───── Records for processing

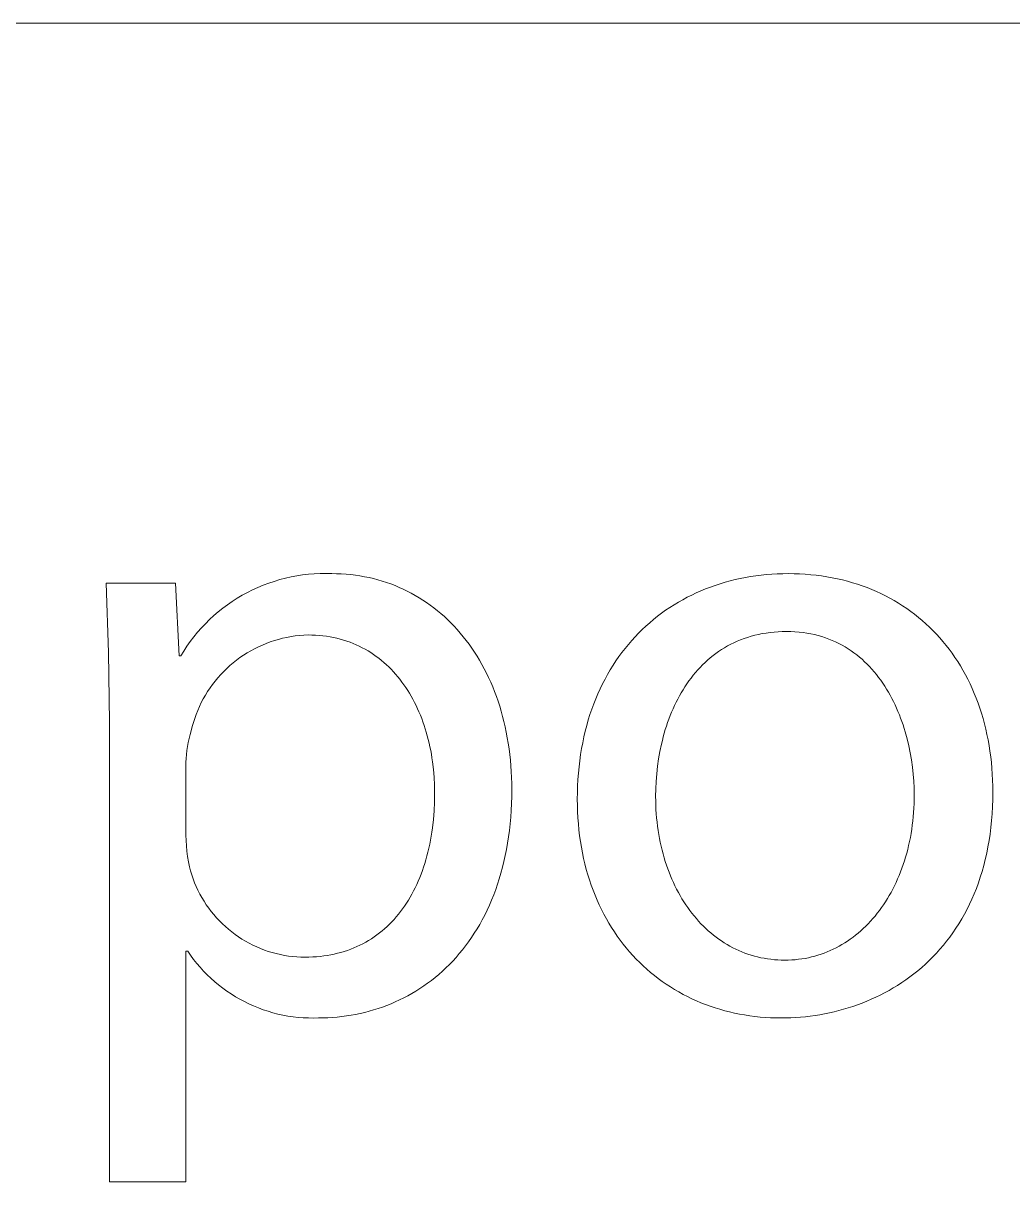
# Model space of a CAD drawing. Header units: millimetres. Extents: x 430 to 4403, y -1522 to 1254.
# Drawn here: x 4228.6 to 4273.4, y -1130.6 to -1078.1 of the extents above; entities that cross this region are included whole.
import ezdxf

# ---------------------------------------------------------------- set-up
doc = ezdxf.new("R2010")
doc.units = ezdxf.units.MM
doc.header["$MEASUREMENT"] = 0
doc.layers.add('Domyślny', color=7, linetype='Continuous', true_color=0x000000)

msp = doc.modelspace()

# ---------------------------------------------------------------- linework, layer by layer
at = {"layer": 'Domyślny', "color": 18, "lineweight": 15, "true_color": 0x000000}
for p, q in [((4399.218, -1078.095), (2901.531, -1078.095)), ((4241.809, -1103.034), (4242.072, -1103.021)), ((4242.072, -1103.021), (4242.336, -1103.018)), ((4242.336, -1103.018), (4242.6, -1103.025)), ((4242.6, -1103.025), (4242.818, -1103.027)), ((4232.49, -1106.603), (4232.386, -1103.461)), ((4232.386, -1103.461), (4235.522, -1103.461)), ((4235.522, -1103.461), (4235.694, -1106.755)), ((4239.5, -1103.551), (4239.747, -1103.458)), ((4239.747, -1103.458), (4239.997, -1103.374)), ((4239.997, -1103.374), (4240.25, -1103.298)), ((4240.25, -1103.298), (4240.505, -1103.232)), ((4240.505, -1103.232), (4240.763, -1103.174)), ((4240.763, -1103.174), (4241.022, -1103.125)), ((4241.022, -1103.125), (4241.283, -1103.085)), ((4241.283, -1103.085), (4241.545, -1103.055)), ((4241.545, -1103.055), (4241.809, -1103.034)), ((4242.818, -1103.027), (4243.033, -1103.036)), ((4243.033, -1103.036), (4243.247, -1103.05)), ((4243.247, -1103.05), (4243.459, -1103.07)), ((4243.459, -1103.07), (4243.669, -1103.095)), ((4243.669, -1103.095), (4243.877, -1103.126)), ((4243.877, -1103.126), (4244.083, -1103.163)), ((4244.083, -1103.163), (4244.287, -1103.205)), ((4244.287, -1103.205), (4244.489, -1103.252)), ((4244.489, -1103.252), (4244.689, -1103.305)), ((4244.689, -1103.305), (4244.886, -1103.363)), ((4244.886, -1103.363), (4245.082, -1103.426)), ((4245.082, -1103.426), (4245.274, -1103.494)), ((4245.274, -1103.494), (4245.465, -1103.568)), ((4259.964, -1103.556), (4260.186, -1103.483)), ((4260.186, -1103.483), (4260.41, -1103.416)), ((4260.41, -1103.416), (4260.636, -1103.354)), ((4260.636, -1103.354), (4260.865, -1103.298)), ((4260.865, -1103.298), (4261.096, -1103.246)), ((4261.096, -1103.246), (4261.33, -1103.2)), ((4261.33, -1103.2), (4261.565, -1103.16)), ((4261.565, -1103.16), (4261.803, -1103.124)), ((4261.803, -1103.124), (4262.043, -1103.094)), ((4262.043, -1103.094), (4262.285, -1103.07)), ((4262.285, -1103.07), (4262.529, -1103.051)), ((4262.529, -1103.051), (4262.774, -1103.037)), ((4262.774, -1103.037), (4263.022, -1103.029)), ((4263.022, -1103.029), (4263.271, -1103.026)), ((4263.271, -1103.026), (4263.529, -1103.029)), ((4263.529, -1103.029), (4263.784, -1103.038)), ((4263.784, -1103.038), (4264.037, -1103.052)), ((4264.037, -1103.052), (4264.286, -1103.072)), ((4264.286, -1103.072), (4264.533, -1103.098)), ((4264.533, -1103.098), (4264.777, -1103.13)), ((4264.777, -1103.13), (4265.018, -1103.167)), ((4265.018, -1103.167), (4265.257, -1103.21)), ((4265.257, -1103.21), (4265.492, -1103.258)), ((4265.492, -1103.258), (4265.724, -1103.311)), ((4265.724, -1103.311), (4265.953, -1103.37)), ((4265.953, -1103.37), (4266.179, -1103.435)), ((4266.179, -1103.435), (4266.402, -1103.504)), ((4266.402, -1103.504), (4266.622, -1103.579)), ((4238.321, -1104.142), (4238.548, -1104.007)), ((4238.548, -1104.007), (4238.78, -1103.881)), ((4238.78, -1103.881), (4239.016, -1103.763)), ((4239.016, -1103.763), (4239.256, -1103.653)), ((4239.256, -1103.653), (4239.5, -1103.551)), ((4245.465, -1103.568), (4245.653, -1103.646)), ((4245.653, -1103.646), (4245.838, -1103.73)), ((4245.838, -1103.73), (4246.021, -1103.819)), ((4246.021, -1103.819), (4246.201, -1103.912)), ((4246.201, -1103.912), (4246.379, -1104.011)), ((4246.379, -1104.011), (4246.554, -1104.114)), ((4258.693, -1104.097), (4258.898, -1103.994)), ((4258.898, -1103.994), (4259.105, -1103.896)), ((4259.105, -1103.896), (4259.316, -1103.803)), ((4259.316, -1103.803), (4259.529, -1103.716)), ((4259.529, -1103.716), (4259.745, -1103.633)), ((4259.745, -1103.633), (4259.964, -1103.556)), ((4266.622, -1103.579), (4266.838, -1103.659)), ((4266.838, -1103.659), (4267.051, -1103.744)), ((4267.051, -1103.744), (4267.261, -1103.834)), ((4267.261, -1103.834), (4267.467, -1103.93)), ((4267.467, -1103.93), (4267.67, -1104.03)), ((4267.67, -1104.03), (4267.869, -1104.135)), ((4237.463, -1104.756), (4237.669, -1104.591)), ((4237.669, -1104.591), (4237.881, -1104.434)), ((4237.881, -1104.434), (4238.099, -1104.284)), ((4238.099, -1104.284), (4238.321, -1104.142)), ((4246.554, -1104.114), (4246.726, -1104.223)), ((4246.726, -1104.223), (4246.895, -1104.336)), ((4246.895, -1104.336), (4247.062, -1104.454)), ((4247.062, -1104.454), (4247.225, -1104.576)), ((4247.225, -1104.576), (4247.386, -1104.703)), ((4257.717, -1104.686), (4257.906, -1104.559)), ((4257.906, -1104.559), (4258.098, -1104.436)), ((4258.098, -1104.436), (4258.293, -1104.318)), ((4258.293, -1104.318), (4258.491, -1104.205)), ((4258.491, -1104.205), (4258.693, -1104.097)), ((4267.869, -1104.135), (4268.065, -1104.245)), ((4268.065, -1104.245), (4268.258, -1104.36)), ((4268.258, -1104.36), (4268.446, -1104.48)), ((4268.446, -1104.48), (4268.632, -1104.605)), ((4236.88, -1105.292), (4237.068, -1105.106)), ((4237.068, -1105.106), (4237.263, -1104.928)), ((4237.263, -1104.928), (4237.463, -1104.756)), ((4247.386, -1104.703), (4247.543, -1104.835)), ((4247.543, -1104.835), (4247.698, -1104.972)), ((4247.698, -1104.972), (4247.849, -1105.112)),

──────────

What you have to do: Your answer must be an exact transcription of the records above, minus the pictures.

Written solution:
# Model space of a CAD drawing. Header units: millimetres. Extents: x 430 to 4403, y -1522 to 1254.
# Drawn here: x 4228.6 to 4273.4, y -1130.6 to -1078.1 of the extents above; entities that cross this region are included whole.
import ezdxf

# ---------------------------------------------------------------- set-up
doc = ezdxf.new("R2010")
doc.units = ezdxf.units.MM
doc.header["$MEASUREMENT"] = 0
doc.layers.add('Domyślny', color=7, linetype='Continuous', true_color=0x000000)

msp = doc.modelspace()

# ---------------------------------------------------------------- linework, layer by layer
at = {"layer": 'Domyślny', "color": 18, "lineweight": 15, "true_color": 0x000000}
for p, q in [((4399.218, -1078.095), (2901.531, -1078.095)), ((4241.809, -1103.034), (4242.072, -1103.021)), ((4242.072, -1103.021), (4242.336, -1103.018)), ((4242.336, -1103.018), (4242.6, -1103.025)), ((4242.6, -1103.025), (4242.818, -1103.027)), ((4232.49, -1106.603), (4232.386, -1103.461)), ((4232.386, -1103.461), (4235.522, -1103.461)), ((4235.522, -1103.461), (4235.694, -1106.755)), ((4239.5, -1103.551), (4239.747, -1103.458)), ((4239.747, -1103.458), (4239.997, -1103.374)), ((4239.997, -1103.374), (4240.25, -1103.298)), ((4240.25, -1103.298), (4240.505, -1103.232)), ((4240.505, -1103.232), (4240.763, -1103.174)), ((4240.763, -1103.174), (4241.022, -1103.125)), ((4241.022, -1103.125), (4241.283, -1103.085)), ((4241.283, -1103.085), (4241.545, -1103.055)), ((4241.545, -1103.055), (4241.809, -1103.034)), ((4242.818, -1103.027), (4243.033, -1103.036)), ((4243.033, -1103.036), (4243.247, -1103.05)), ((4243.247, -1103.05), (4243.459, -1103.07)), ((4243.459, -1103.07), (4243.669, -1103.095)), ((4243.669, -1103.095), (4243.877, -1103.126)), ((4243.877, -1103.126), (4244.083, -1103.163)), ((4244.083, -1103.163), (4244.287, -1103.205)), ((4244.287, -1103.205), (4244.489, -1103.252)), ((4244.489, -1103.252), (4244.689, -1103.305)), ((4244.689, -1103.305), (4244.886, -1103.363)), ((4244.886, -1103.363), (4245.082, -1103.426)), ((4245.082, -1103.426), (4245.274, -1103.494)), ((4245.274, -1103.494), (4245.465, -1103.568)), ((4259.964, -1103.556), (4260.186, -1103.483)), ((4260.186, -1103.483), (4260.41, -1103.416)), ((4260.41, -1103.416), (4260.636, -1103.354)), ((4260.636, -1103.354), (4260.865, -1103.298)), ((4260.865, -1103.298), (4261.096, -1103.246)), ((4261.096, -1103.246), (4261.33, -1103.2)), ((4261.33, -1103.2), (4261.565, -1103.16)), ((4261.565, -1103.16), (4261.803, -1103.124)), ((4261.803, -1103.124), (4262.043, -1103.094)), ((4262.043, -1103.094), (4262.285, -1103.07)), ((4262.285, -1103.07), (4262.529, -1103.051)), ((4262.529, -1103.051), (4262.774, -1103.037)), ((4262.774, -1103.037), (4263.022, -1103.029)), ((4263.022, -1103.029), (4263.271, -1103.026)), ((4263.271, -1103.026), (4263.529, -1103.029)), ((4263.529, -1103.029), (4263.784, -1103.038)), ((4263.784, -1103.038), (4264.037, -1103.052)), ((4264.037, -1103.052), (4264.286, -1103.072)), ((4264.286, -1103.072), (4264.533, -1103.098)), ((4264.533, -1103.098), (4264.777, -1103.13)), ((4264.777, -1103.13), (4265.018, -1103.167)), ((4265.018, -1103.167), (4265.257, -1103.21)), ((4265.257, -1103.21), (4265.492, -1103.258)), ((4265.492, -1103.258), (4265.724, -1103.311)), ((4265.724, -1103.311), (4265.953, -1103.37)), ((4265.953, -1103.37), (4266.179, -1103.435)), ((4266.179, -1103.435), (4266.402, -1103.504)), ((4266.402, -1103.504), (4266.622, -1103.579)), ((4238.321, -1104.142), (4238.548, -1104.007)), ((4238.548, -1104.007), (4238.78, -1103.881)), ((4238.78, -1103.881), (4239.016, -1103.763)), ((4239.016, -1103.763), (4239.256, -1103.653)), ((4239.256, -1103.653), (4239.5, -1103.551)), ((4245.465, -1103.568), (4245.653, -1103.646)), ((4245.653, -1103.646), (4245.838, -1103.73)), ((4245.838, -1103.73), (4246.021, -1103.819)), ((4246.021, -1103.819), (4246.201, -1103.912)), ((4246.201, -1103.912), (4246.379, -1104.011)), ((4246.379, -1104.011), (4246.554, -1104.114)), ((4258.693, -1104.097), (4258.898, -1103.994)), ((4258.898, -1103.994), (4259.105, -1103.896)), ((4259.105, -1103.896), (4259.316, -1103.803)), ((4259.316, -1103.803), (4259.529, -1103.716)), ((4259.529, -1103.716), (4259.745, -1103.633)), ((4259.745, -1103.633), (4259.964, -1103.556)), ((4266.622, -1103.579), (4266.838, -1103.659)), ((4266.838, -1103.659), (4267.051, -1103.744)), ((4267.051, -1103.744), (4267.261, -1103.834)), ((4267.261, -1103.834), (4267.467, -1103.93)), ((4267.467, -1103.93), (4267.67, -1104.03)), ((4267.67, -1104.03), (4267.869, -1104.135)), ((4237.463, -1104.756), (4237.669, -1104.591)), ((4237.669, -1104.591), (4237.881, -1104.434)), ((4237.881, -1104.434), (4238.099, -1104.284)), ((4238.099, -1104.284), (4238.321, -1104.142)), ((4246.554, -1104.114), (4246.726, -1104.223)), ((4246.726, -1104.223), (4246.895, -1104.336)), ((4246.895, -1104.336), (4247.062, -1104.454)), ((4247.062, -1104.454), (4247.225, -1104.576)), ((4247.225, -1104.576), (4247.386, -1104.703)), ((4257.717, -1104.686), (4257.906, -1104.559)), ((4257.906, -1104.559), (4258.098, -1104.436)), ((4258.098, -1104.436), (4258.293, -1104.318)), ((4258.293, -1104.318), (4258.491, -1104.205)), ((4258.491, -1104.205), (4258.693, -1104.097)), ((4267.869, -1104.135), (4268.065, -1104.245)), ((4268.065, -1104.245), (4268.258, -1104.36)), ((4268.258, -1104.36), (4268.446, -1104.48)), ((4268.446, -1104.48), (4268.632, -1104.605)), ((4236.88, -1105.292), (4237.068, -1105.106)), ((4237.068, -1105.106), (4237.263, -1104.928)), ((4237.263, -1104.928), (4237.463, -1104.756)), ((4247.386, -1104.703), (4247.543, -1104.835)), ((4247.543, -1104.835), (4247.698, -1104.972)), ((4247.698, -1104.972), (4247.849, -1105.112)),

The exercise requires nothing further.